I didn't think about it in this way before. But today I did some test and finally hit the performance issue. Surprisingly, it is not about I/O, but CPU.
I am planning to do a standard deviation calculation on some 4 million data item. Each data item has 50 columns, and 4,032 samples. So basically it need to handle 200 million data item, echo of which has about 4K samples.
I began my experiment with this and found out that it took me 39 minutes to finish the calculation. What? This calculation is supposed to run every 1 hour, and I probably going to handle 100 million data item, and possibly 50 K samples.
I suspected this was because Vertica has problem not to use enough memory to cache the intermediate result. I got more than 100G RAM on each of the Vertica node, but it only used 12G for the calculation. However, after I did a simple match, I found out it 12G was all it needed.

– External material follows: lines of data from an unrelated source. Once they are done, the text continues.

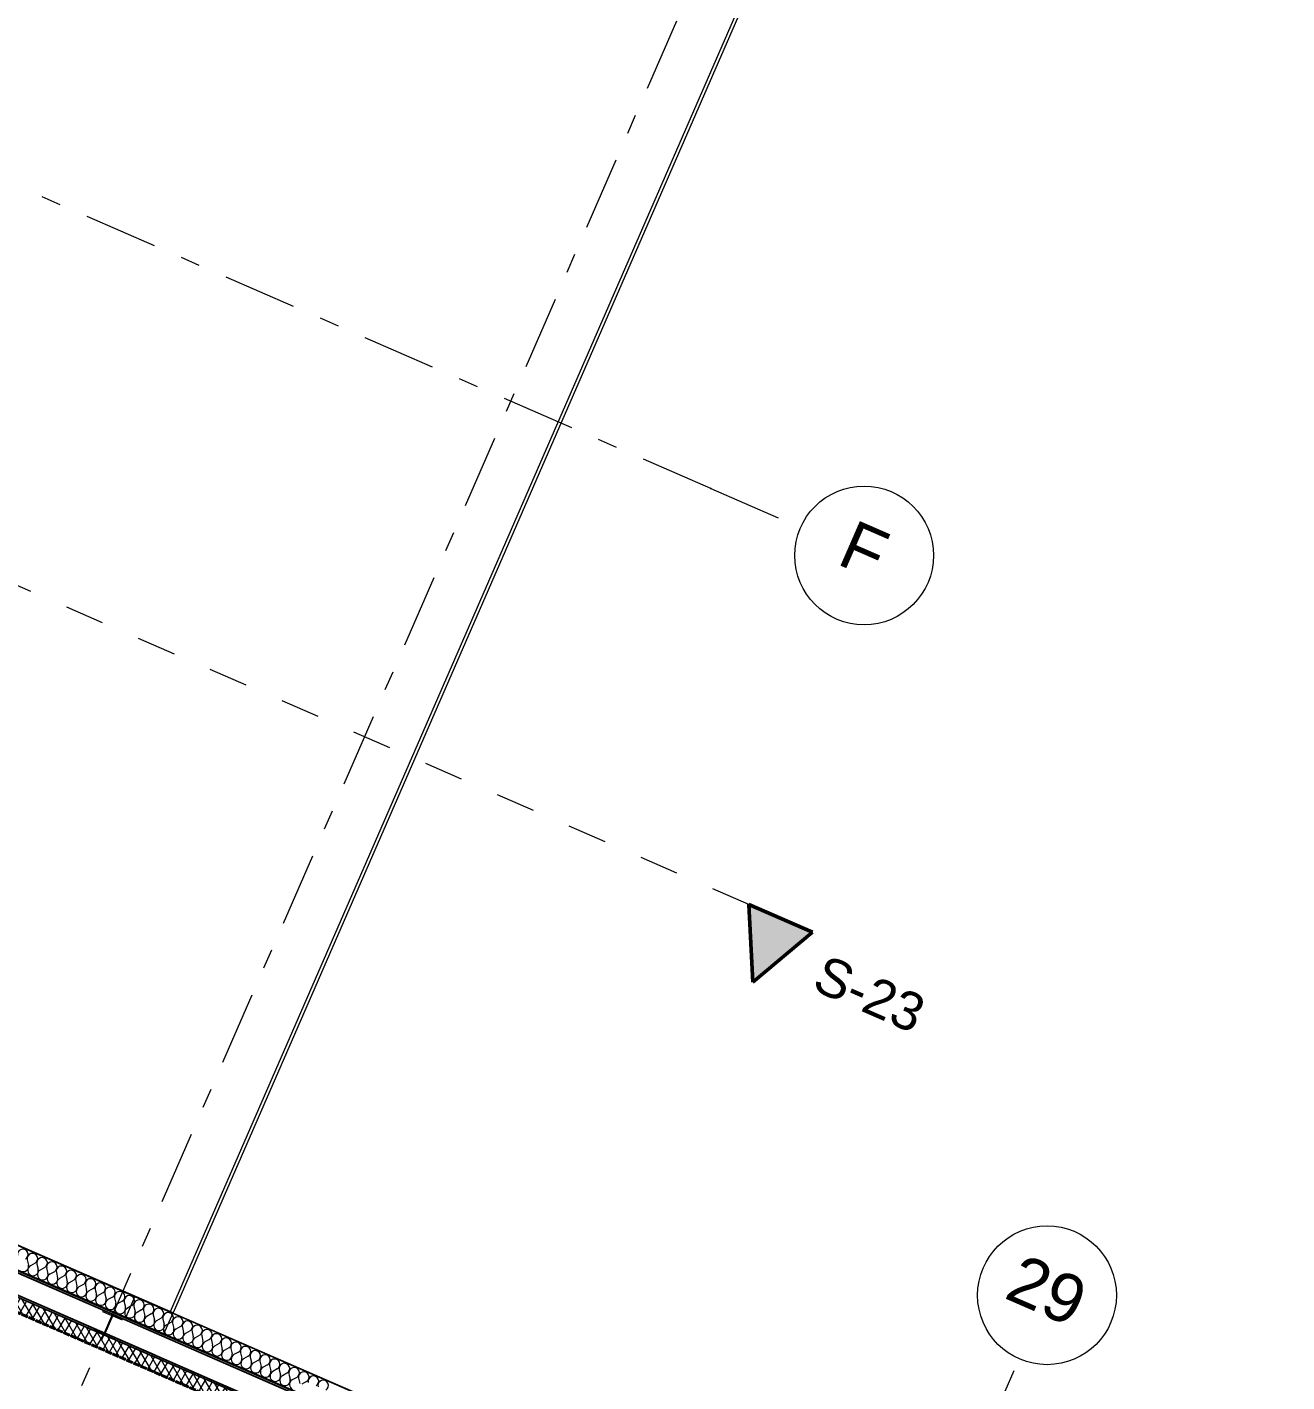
# Model space of a CAD drawing. Header units: millimetres. Extents: x -50172 to 90294, y -72116 to 25069.
# Drawn here: x 10263 to 19343, y -27110 to -17350 of the extents above; entities that cross this region are included whole.
import ezdxf
from ezdxf.enums import TextEntityAlignment as Align

# ---------------------------------------------------------------- set-up
doc = ezdxf.new("R2010")
doc.units = ezdxf.units.MM
doc.header["$MEASUREMENT"] = 0
for name, pattern in [('Dashed', [564.444447, 282.222223, -282.222223]), ('Double Dashed', [1093.611073, 529.166651, -211.666656, 141.111112, -211.666656]), ('Hidden Line', [55, 45, -10])]:
    doc.linetypes.add(name, pattern=pattern)
for name, color, linetype in [('A-20-M_Floor_Slab', 7, 'Continuous'), ('A-95-MC_Marker_Section_P2.Marker', 7, 'Continuous'), ('COLUMN.IFC Import', 7, 'Continuous'), ('New_A-15-MG_Structural_Grid_Phase_2', 7, 'Continuous'), ('New_A-20-M_Roof', 7, 'Continuous'), ('New_A-25-M_Wall_Ext', 7, 'Continuous')]:
    doc.layers.add(name, color=color, linetype=linetype)
for name, color, linetype, lineweight, true_color in [('A-20-M_Floor_Slab_Pen_No__107', 7, 'Continuous', 15, 0xa6a6a6), ('A-95-MC_Marker_Section_P2.Marker_Pen_No__25', 7, 'Continuous', 50, 0x2a2a2a), ('New_A-15-MG_Structural_Grid_Phase_2_Pen_No__222', 7, 'Continuous', 13, 0x65af33), ('New_A-25-M_Wall_Ext_Pen_No__107', 7, 'Continuous', 15, 0xa6a6a6), ('New_A-95-P_Drawing_Pen_No__62', 7, 'Continuous', 20, 0xaaaaaa)]:
    doc.layers.add(name, color=color, linetype=linetype, lineweight=lineweight, true_color=true_color)
for name, color, linetype, lineweight in [('A-20-M_Floor_Slab_Pen_No__195', 7, 'Continuous', 35), ('A-20-M_Floor_Slab_Pen_No__4', 7, 'Continuous', 20), ('A-20-M_Floor_Slab_Pen_No__89', 8, 'Continuous', 20), ('A-20-M_Roof_Pen_No__1', 7, 'Continuous', 13), ('A-95-MC_Marker_Section_P2.Marker_Pen_No__1', 7, 'Continuous', 13), ('A-95-MC_Marker_Section_P2.Marker_Pen_No__6', 7, 'Continuous', 35), ('COLUMN.IFC Import_Pen_No__2', 8, 'Continuous', 15), ('New_A-20-M_Roof_Pen_No__92', 8, 'Continuous', 13), ('New_A-25-M_Wall_Ext_Pen_No__1', 7, 'Continuous', 13)]:
    doc.layers.add(name, color=color, linetype=linetype, lineweight=lineweight)
doc.styles.add('GENERATED_STYLE_4', font='')
doc.styles.get('GENERATED_STYLE_4').set_extended_font_data('Swis721 BT')
pattern_1 = [(0, (0, 0), (0, 173.2051), [0, -100]), (0, (50, 86.6), (0, 173.2051), [0, -100])]

# ---------------------------------------------------------------- blocks, each defined once
blk = doc.blocks.new('Roof_3_2', base_point=(-9378, -10065))
at = {"layer": 'New_A-20-M_Roof_Pen_No__92', "linetype": 'Continuous', "flags": 128}
for points in [[(22006.6, -31651.4), (1845.1, -22859.9)], [(1845.1, -22860), (22006.6, -31651.4)], [(22007.4, -31649.5), (1845.9, -22858.1)], [(1846.1, -22857.7), (22007.6, -31649.1)]]:
    blk.add_lwpolyline(points, dxfattribs=at)
blk = doc.blocks.new('Slab_2_2', base_point=(22220.5, -31567.4))
at = {"layer": 'A-20-M_Floor_Slab_Pen_No__89', "linetype": 'Continuous', "flags": 128}
blk.add_lwpolyline([(22220.5, -31567.4), (1807.4, -22666.3), (1702.5, -22906.9), (21875, -31703.1), (12362.1, -53519.2), (-4050.1, -46362.7), (-4155, -46603.2), (12497.8, -53864.7)], close=True, dxfattribs=at)
blk = doc.blocks.new('*X126')
at = {"layer": 'New_A-25-M_Wall_Ext_Pen_No__107', "linetype": 'Continuous'}
for p, q in [((11018.8, -26559.4), (11009.1, -26564.9)), ((11032.8, -26565.4), (11041.6, -26602.5)), ((11088.7, -26589.8), (11055.5, -26608.6)), ((11102.6, -26595.9), (11111.4, -26633)), ((11158.5, -26620.3), (11125.4, -26639.1)), ((11172.5, -26626.4), (11181.2, -26663.4)), ((11228.3, -26650.7), (11195.2, -26669.5)), ((11242.3, -26656.8), (11251.1, -26693.9)), ((11298.2, -26681.2), (11265, -26700)), ((11312.1, -26687.3), (11320.9, -26724.3)), ((11368, -26711.6), (11334.9, -26730.4)), ((11382, -26717.7), (11390.8, -26754.8)), ((11437.9, -26742.1), (11404.7, -26760.9)), ((11451.8, -26748.2), (11460.6, -26785.2)), ((11507.7, -26772.5), (11474.6, -26791.3)), ((11521.7, -26778.6), (11530.4, -26815.7)), ((11577.5, -26803), (11544.4, -26821.8)), ((11591.5, -26809.1), (11600.3, -26846.1)), ((11647.4, -26833.4), (11614.2, -26852.2)), ((11661.3, -26839.5), (11670.1, -26876.6)), ((11717.2, -26863.9), (11684.1, -26882.7)), ((11731.2, -26870), (11740, -26907.1)), ((11787.1, -26894.3), (11753.9, -26913.1)), ((11801, -26900.4), (11809.8, -26937.5)), ((11856.9, -26924.8), (11823.8, -26943.6)), ((11870.9, -26930.9), (11879.6, -26968)), ((11926.7, -26955.3), (11893.6, -26974.1)), ((11940.7, -26961.3), (11949.5, -26998.4)), ((11996.6, -26985.7), (11963.4, -27004.5)), ((12010.5, -26991.8), (12019.3, -27028.9)), ((12066.4, -27016.2), (12033.3, -27035)), ((12080.4, -27022.2), (12089.2, -27059.3)), ((12136.3, -27046.6), (12103.1, -27065.4)), ((12150.2, -27052.7), (12159, -27089.8)), ((12206.1, -27077.1), (12173, -27095.9)), ((12220.1, -27083.2), (12228.8, -27120.2)), ((12275.9, -27107.5), (12242.8, -27126.3))]:
    blk.add_line(p, q, dxfattribs=at)
for centre, start, end in [((11000, -26526.2), 299.57051, 27.7931), ((11069.9, -26556.7), 299.57051, 193.31031), ((11004.5, -26611.3), 224.38672, 246.44041), ((11004.5, -26611.3), 246.44041, 13.31031), ((11074.3, -26641.7), 119.57051, 246.44041), ((11074.3, -26641.7), 246.44041, 13.31031), ((11139.7, -26587.1), 299.57051, 193.31031), ((11144.2, -26672.2), 119.57051, 246.44041), ((11209.5, -26617.6), 299.57051, 193.31031), ((11279.4, -26648), 299.57051, 193.31031), ((11349.2, -26678.5), 299.57051, 193.31031), ((11144.2, -26672.2), 246.44041, 13.31031), ((11214, -26702.6), 119.57051, 246.44041), ((11214, -26702.6), 246.44041, 13.31031), ((11283.8, -26733.1), 119.57051, 246.44041), ((11283.8, -26733.1), 246.44041, 13.31031), ((11353.7, -26763.6), 119.57051, 246.44041), ((11419.1, -26708.9), 299.57051, 193.31031), ((11488.9, -26739.4), 299.57051, 193.31031), ((11558.7, -26769.8), 299.57051, 193.31031), ((11353.7, -26763.6), 246.44041, 13.31031), ((11423.5, -26794), 119.57051, 246.44041), ((11423.5, -26794), 246.44041, 13.31031), ((11493.4, -26824.5), 119.57051, 246.44041), ((11493.4, -26824.5), 246.44041, 13.31031), ((11563.2, -26854.9), 119.57051, 246.44041), ((11628.6, -26800.3), 299.57051, 193.31031), ((11698.4, -26830.8), 299.57051, 193.31031), ((11768.3, -26861.2), 299.57051, 193.31031), ((11563.2, -26854.9), 246.44041, 13.31031), ((11633, -26885.4), 119.57051, 246.44041), ((11633, -26885.4), 246.44041, 13.31031), ((11702.9, -26915.8), 119.57051, 246.44041), ((11702.9, -26915.8), 246.44041, 13.31031), ((11772.7, -26946.3), 119.57051, 246.44041), ((11838.1, -26891.7), 299.57051, 193.31031), ((11907.9, -26922.1), 299.57051, 193.31031), ((11977.8, -26952.6), 299.57051, 193.31031), ((11772.7, -26946.3), 246.44041, 13.31031), ((11842.6, -26976.7), 119.57051, 246.44041), ((11842.6, -26976.7), 246.44041, 13.31031), ((11912.4, -27007.2), 119.57051, 246.44041), ((11912.4, -27007.2), 246.44041, 13.31031), ((11982.2, -27037.6), 119.57051, 246.44041), ((11982.2, -27037.6), 246.44041, 13.31031), ((12047.6, -26983), 299.57051, 193.31031), ((12117.5, -27013.5), 299.57051, 193.31031), ((12187.3, -27043.9), 299.57051, 193.31031), ((12052.1, -27068.1), 119.57051, 246.44041), ((12052.1, -27068.1), 246.44041, 13.31031), ((12121.9, -27098.5), 119.57051, 246.44041), ((12121.9, -27098.5), 246.44041, 13.31031), ((12191.8, -27129), 119.57051, 246.44041), ((12257.1, -27074.4), 299.57051, 193.31031), ((12327, -27104.8), 299.57051, 193.31031), ((12396.8, -27135.3), 299.57051, 193.31031)]:
    blk.add_arc(centre, 38.1, start, end, dxfattribs=at)
blk = doc.blocks.new('Wall_29_2', base_point=(22006.6, -31651.4))
at = {"layer": 'New_A-25-M_Wall_Ext_Pen_No__107', "linetype": 'Continuous'}
h = blk.add_hatch(dxfattribs=at)
h.set_pattern_fill('Plaster_0002', color=256, style=0, pattern_type=2)
h.set_pattern_definition(pattern_1)
h.paths.add_polyline_path([(22460.8, -31473), (11040.4, -26493.2), (11038.6, -26497.3), (22454.8, -31475.4)])
at = {"layer": 'New_A-25-M_Wall_Ext_Pen_No__107', "linetype": 'Continuous', "lineweight": 0, "true_color": 0x535353}
for points in [[(22220.5, -31567.4), (10967.4, -26660.5), (10966.2, -26663.2), (22216.6, -31568.9)], [(22027, -31643.4), (10908.7, -26795.2), (10907.5, -26798), (22023.1, -31644.9)]]:
    blk.add_hatch(color=251, dxfattribs=at).paths.add_polyline_path(points)
at = {"layer": 'New_A-25-M_Wall_Ext_Pen_No__107', "linetype": 'Continuous'}
for points in [[(22236.3, -31561.2), (10972.2, -26649.5), (10967.4, -26660.5), (22220.5, -31567.4)], [(10902.5, -26809.4), (22006.6, -31651.4), (22023.1, -31644.9), (10907.5, -26798)]]:
    blk.add_hatch(color=256, dxfattribs=at).paths.add_polyline_path(points)
at = {"layer": 'New_A-25-M_Wall_Ext_Pen_No__1', "linetype": 'Continuous'}
for p, q in [((22454.8, -31475.4), (11038.6, -26497.3)), ((22244.2, -31558.1), (10974.6, -26644)), ((22216.6, -31568.9), (10966.2, -26663.2)), ((22220.5, -31567.4), (10967.4, -26660.5)), ((22236.3, -31561.2), (10972.2, -26649.5)), ((10907.5, -26798), (22023.1, -31644.9)), ((22027, -31643.4), (10908.7, -26795.2))]:
    blk.add_line(p, q, dxfattribs=at)
at = {"layer": 'New_A-25-M_Wall_Ext_Pen_No__1', "linetype": 'Continuous', "flags": 128}
for points in [[(11040.4, -26493.2), (10974.6, -26644)], [(22460.8, -31473), (11040.4, -26493.2)], [(10902.5, -26809.4), (22006.6, -31651.4)]]:
    blk.add_lwpolyline(points, dxfattribs=at)
at = {"layer": 'New_A-25-M_Wall_Ext', "color": 250, "lineweight": 50, "true_color": 0x2a2a2a}
blk.add_blockref('*X126', (0, 0), dxfattribs=at)
blk = doc.blocks.new('*X144')
at = {"layer": 'New_A-25-M_Wall_Ext_Pen_No__107', "linetype": 'Continuous'}
for p, q in [((10264.6, -26230.5), (10273.3, -26267.5)), ((10320.4, -26254.8), (10287.3, -26273.6)), ((10334.4, -26260.9), (10343.2, -26298)), ((10390.3, -26285.3), (10357.1, -26304.1)), ((10404.2, -26291.4), (10413, -26328.4)), ((10460.1, -26315.7), (10427, -26334.5)), ((10474.1, -26321.8), (10482.8, -26358.9)), ((10529.9, -26346.2), (10496.8, -26365)), ((10543.9, -26352.3), (10552.7, -26389.3)), ((10599.8, -26376.6), (10566.7, -26395.4)), ((10613.8, -26382.7), (10622.5, -26419.8)), ((10669.6, -26407.1), (10636.5, -26425.9)), ((10683.6, -26413.2), (10692.4, -26450.2)), ((10739.5, -26437.5), (10706.3, -26456.3)), ((10753.4, -26443.6), (10762.2, -26480.7)), ((10809.3, -26468), (10776.2, -26486.8)), ((10823.3, -26474.1), (10832, -26511.2)), ((10879.1, -26498.4), (10846, -26517.2)), ((10893.1, -26504.5), (10901.9, -26541.6)), ((10949, -26528.9), (10915.8, -26547.7)), ((10963, -26535), (10971.7, -26572.1)), ((11018.8, -26559.4), (10985.7, -26578.2)), ((11032.8, -26565.4), (11041.6, -26602.5)), ((11088.7, -26589.8), (11055.5, -26608.6)), ((11102.6, -26595.9), (11111.4, -26633)), ((11158.5, -26620.3), (11125.4, -26639.1)), ((11172.5, -26626.4), (11181.2, -26663.4)), ((11228.3, -26650.7), (11195.2, -26669.5)), ((11242.3, -26656.8), (11251.1, -26693.9)), ((11281.6, -26690.6), (11265, -26700))]:
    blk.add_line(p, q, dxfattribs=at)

To verify this, I did the following two tests.
Test 2a: do the calculation on only one column. It took 3 minutes.
Test 2b: do the calculation on all columns but don't distinguish the data items. Which means the results will be 50 double values, instead of 200 millions values. It took 27 minutes to finish.
Obviously, this was not about how to use memory, but about traversing the data. When I looked into the result on Linux top command, it clearly showed me that CPU has big work load, which made the system load up to 30 or even 40 sometimes. My system has 24 CPU/cores, system load as 30 means full workload on the CPU/cores.